- Second baseman
- Born: September 5, 1967 (age 58) Fort Campbell, Kentucky, U.S.
- Bats: SwitchThrows: Right
- Stats at Baseball Reference

Medals
Men's baseball
Representing United States
Olympic Games
| Gold medal – first place | 1988 Seoul | Team |
Baseball World Cup
| Silver medal – second place | 1988 Rome | Team |
Pan American Games
| Silver medal – second place | 1987 Indianapolis | Team |

= Ty Griffin =

American baseball player (born 1967)

Tyrome Vontrace Griffin (born September 5, 1967) is an American former professional baseball second baseman. He played in minor league baseball and in international competition for the United States national team.

==Career==
Griffin attended C. Leon King High School and the Georgia Institute of Technology, where he played for the Georgia Tech Yellow Jackets baseball team in the Atlantic Coast Conference (ACC). At Georgia Tech, Griffin was named an All-ACC second baseman and the Most Valuable Player of the 1988 ACC baseball tournament.

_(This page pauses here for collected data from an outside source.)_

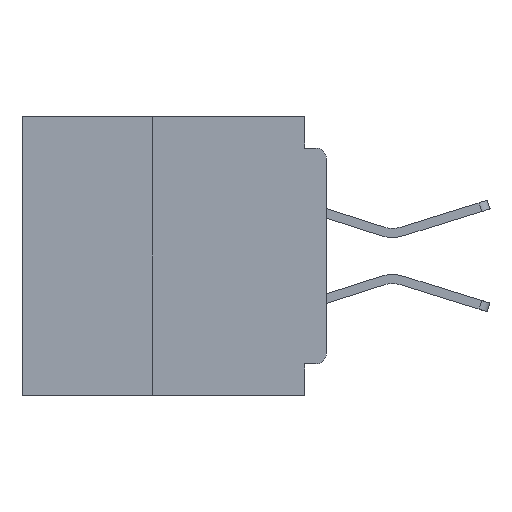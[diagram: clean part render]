
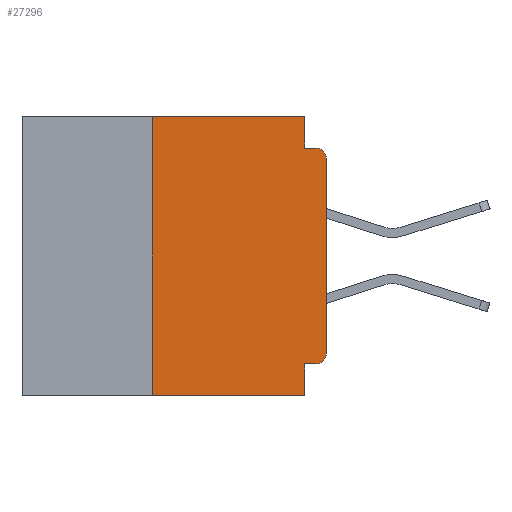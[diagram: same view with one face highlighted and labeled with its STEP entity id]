
A CAD part, left-side view. The second image highlights one B-rep face of the part: STEP entity #27296.
In plain terms, the highlighted planar face has unit normal (-1, 0, 0).
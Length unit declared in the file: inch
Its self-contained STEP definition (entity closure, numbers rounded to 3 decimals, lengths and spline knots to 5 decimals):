
#433 = CARTESIAN_POINT ( 'NONE',  ( 0., 0.015, -0.355 ) ) ;
#637 = DIRECTION ( 'NONE',  ( 0., -1., 0. ) ) ;
#895 = DIRECTION ( 'NONE',  ( -1., 0., 0. ) ) ;
#925 = LINE ( 'NONE', #18201, #29276 ) ;
#2485 = LINE ( 'NONE', #27512, #16986 ) ;
#2551 = ORIENTED_EDGE ( 'NONE', *, *, #16339, .F. ) ;
#3447 = VERTEX_POINT ( 'NONE', #11249 ) ;
#3915 = DIRECTION ( 'NONE',  ( 0., 0., 1. ) ) ;
#3951 = FACE_OUTER_BOUND ( 'NONE', #8110, .T. ) ;
#4277 = ORIENTED_EDGE ( 'NONE', *, *, #21338, .T. ) ;
#5095 = VERTEX_POINT ( 'NONE', #19515 ) ;
#5736 = AXIS2_PLACEMENT_3D ( 'NONE', #22830, #31098, #14563 ) ;
#5807 = VECTOR ( 'NONE', #10114, 39.37008 ) ;
#6016 = CARTESIAN_POINT ( 'NONE',  ( 0., 0.437, 0. ) ) ;
#6078 = ORIENTED_EDGE ( 'NONE', *, *, #26335, .F. ) ;
#6303 = CARTESIAN_POINT ( 'NONE',  ( 0., 0.25, -0.4 ) ) ;
#6314 = CARTESIAN_POINT ( 'NONE',  ( 0., 0., 0. ) ) ;
#6913 = LINE ( 'NONE', #18399, #13703 ) ;
#7328 = EDGE_CURVE ( 'NONE', #3447, #14146, #2485, .T. ) ;
#8110 = EDGE_LOOP ( 'NONE', ( #9890, #4277, #36047, #6078, #2551, #32157, #23857, #10535, #26368, #9384 ) ) ;
#8541 = LINE ( 'NONE', #6016, #22711 ) ;
#8674 = LINE ( 'NONE', #6314, #23707 ) ;
#8689 = EDGE_CURVE ( 'NONE', #29510, #10922, #18663, .T. ) ;
#8930 = DIRECTION ( 'NONE',  ( 0., -1., 0. ) ) ;
#9384 = ORIENTED_EDGE ( 'NONE', *, *, #8689, .T. ) ;
#9890 = ORIENTED_EDGE ( 'NONE', *, *, #13902, .T. ) ;
#10114 = DIRECTION ( 'NONE',  ( 0., 0., -1. ) ) ;
#10535 = ORIENTED_EDGE ( 'NONE', *, *, #7328, .F. ) ;
#10922 = VERTEX_POINT ( 'NONE', #14768 ) ;
#11249 = CARTESIAN_POINT ( 'NONE',  ( 0., 0.031, -0.355 ) ) ;
#13364 = VERTEX_POINT ( 'NONE', #30659 ) ;
#13417 = DIRECTION ( 'NONE',  ( 0., 1., 0. ) ) ;
#13703 = VECTOR ( 'NONE', #3915, 39.37008 ) ;
#13902 = EDGE_CURVE ( 'NONE', #10922, #16575, #8674, .T. ) ;
#14146 = VERTEX_POINT ( 'NONE', #32370 ) ;
#14253 = VECTOR ( 'NONE', #13417, 39.37008 ) ;
#14436 = PLANE ( 'NONE',  #5736 ) ;
#14563 = DIRECTION ( 'NONE',  ( 0., 0., -1. ) ) ;
#14768 = CARTESIAN_POINT ( 'NONE',  ( 0., 0., -0.34 ) ) ;
#15005 = DIRECTION ( 'NONE',  ( -1., 0., 0. ) ) ;
#16339 = EDGE_CURVE ( 'NONE', #13364, #5095, #8541, .T. ) ;
#16575 = VERTEX_POINT ( 'NONE', #34880 ) ;
#16986 = VECTOR ( 'NONE', #28687, 39.37008 ) ;
#17496 = VERTEX_POINT ( 'NONE', #29279 ) ;
#18201 = CARTESIAN_POINT ( 'NONE',  ( 0., 0., -0.045 ) ) ;
#18245 = CARTESIAN_POINT ( 'NONE',  ( 0., 0.015, -0.34 ) ) ;
#18399 = CARTESIAN_POINT ( 'NONE',  ( 0., 0.25, -0.4 ) ) ;
#18663 = CIRCLE ( 'NONE', #33753, 0.015 ) ;
#18920 = VECTOR ( 'NONE', #637, 39.37008 ) ;
#19515 = CARTESIAN_POINT ( 'NONE',  ( 0., 0.031, 0. ) ) ;
#19773 = LINE ( 'NONE', #23502, #18920 ) ;
#20049 = AXIS2_PLACEMENT_3D ( 'NONE', #31530, #15005, #34209 ) ;
#20998 = DIRECTION ( 'NONE',  ( 0., 0., -1. ) ) ;
#21338 = EDGE_CURVE ( 'NONE', #16575, #17496, #27221, .T. ) ;
#21451 = EDGE_CURVE ( 'NONE', #28246, #13364, #6913, .T. ) ;
#22711 = VECTOR ( 'NONE', #8930, 39.37008 ) ;
#22830 = CARTESIAN_POINT ( 'NONE',  ( 0., 0.437, 0. ) ) ;
#23443 = CARTESIAN_POINT ( 'NONE',  ( 0., 0.031, -0.045 ) ) ;
#23502 = CARTESIAN_POINT ( 'NONE',  ( 0., 0.437, -0.4 ) ) ;
#23707 = VECTOR ( 'NONE', #28813, 39.37008 ) ;
#23857 = ORIENTED_EDGE ( 'NONE', *, *, #33481, .T. ) ;
#24131 = CARTESIAN_POINT ( 'NONE',  ( 0., 0.031, 0. ) ) ;
#25537 = VERTEX_POINT ( 'NONE', #23443 ) ;
#26335 = EDGE_CURVE ( 'NONE', #5095, #25537, #35412, .T. ) ;
#26368 = ORIENTED_EDGE ( 'NONE', *, *, #29826, .F. ) ;
#27221 = CIRCLE ( 'NONE', #20049, 0.015 ) ;
#27296 = ADVANCED_FACE ( 'NONE', ( #3951 ), #14436, .F. ) ;
#27512 = CARTESIAN_POINT ( 'NONE',  ( 0., 0.031, -0.4 ) ) ;
#28246 = VERTEX_POINT ( 'NONE', #6303 ) ;
#28687 = DIRECTION ( 'NONE',  ( 0., 0., -1. ) ) ;
#28813 = DIRECTION ( 'NONE',  ( 0., 0., 1. ) ) ;
#29276 = VECTOR ( 'NONE', #34491, 39.37008 ) ;
#29279 = CARTESIAN_POINT ( 'NONE',  ( 0., 0.015, -0.045 ) ) ;
#29510 = VERTEX_POINT ( 'NONE', #433 ) ;
#29826 = EDGE_CURVE ( 'NONE', #29510, #3447, #29846, .T. ) ;
#29846 = LINE ( 'NONE', #30012, #14253 ) ;
#30012 = CARTESIAN_POINT ( 'NONE',  ( 0., 0., -0.355 ) ) ;
#30659 = CARTESIAN_POINT ( 'NONE',  ( 0., 0.25, 0. ) ) ;
#31098 = DIRECTION ( 'NONE',  ( 1., 0., 0. ) ) ;
#31530 = CARTESIAN_POINT ( 'NONE',  ( 0., 0.015, -0.06 ) ) ;
#32157 = ORIENTED_EDGE ( 'NONE', *, *, #21451, .F. ) ;
#32370 = CARTESIAN_POINT ( 'NONE',  ( 0., 0.031, -0.4 ) ) ;
#32372 = EDGE_CURVE ( 'NONE', #25537, #17496, #925, .T. ) ;
#33481 = EDGE_CURVE ( 'NONE', #28246, #14146, #19773, .T. ) ;
#33753 = AXIS2_PLACEMENT_3D ( 'NONE', #18245, #895, #20998 ) ;
#34209 = DIRECTION ( 'NONE',  ( 0., 0., -1. ) ) ;
#34491 = DIRECTION ( 'NONE',  ( 0., -1., 0. ) ) ;
#34880 = CARTESIAN_POINT ( 'NONE',  ( 0., 0., -0.06 ) ) ;
#35412 = LINE ( 'NONE', #24131, #5807 ) ;
#36047 = ORIENTED_EDGE ( 'NONE', *, *, #32372, .F. ) ;

Griffin was part of the United States national team competing in the 1987 Pan American Games and 1988 Summer Olympics.

The Chicago Cubs drafted Griffin in the first round (ninth overall) of the 1988 Major League Baseball draft. He made his professional debut with the Peoria Chiefs of the Class-A Midwest League in 1989, and was promoted to the Charlotte Knights of the Class-AA Southern League that year. Baseball America rated Griffin the 22nd best prospect in baseball prior to the 1990 season. He split the 1990 and 1991 seasons between the Winston-Salem Spirits of the Class-A Advanced Carolina League and Charlotte.

The Cubs traded Griffin to the Cincinnati Reds for Scott Bryant after the 1991 season. The Reds assigned Griffin to their Southern League affiliate, the Chattanooga Lookouts. The Reds released him after the season, and Griffin joined the independent Northern League, where he played for the Thunder Bay Whiskey Jacks in 1993 and the Sioux City Explorers in 1993. He signed with the St. Louis Cardinals and played for the Arkansas Travelers in the Double-A Texas League in 1995, serving as a replacement player during spring training. He returned to independent baseball in 1996 and 1997, playing for the Grand Forks Varmints of the Prairie League.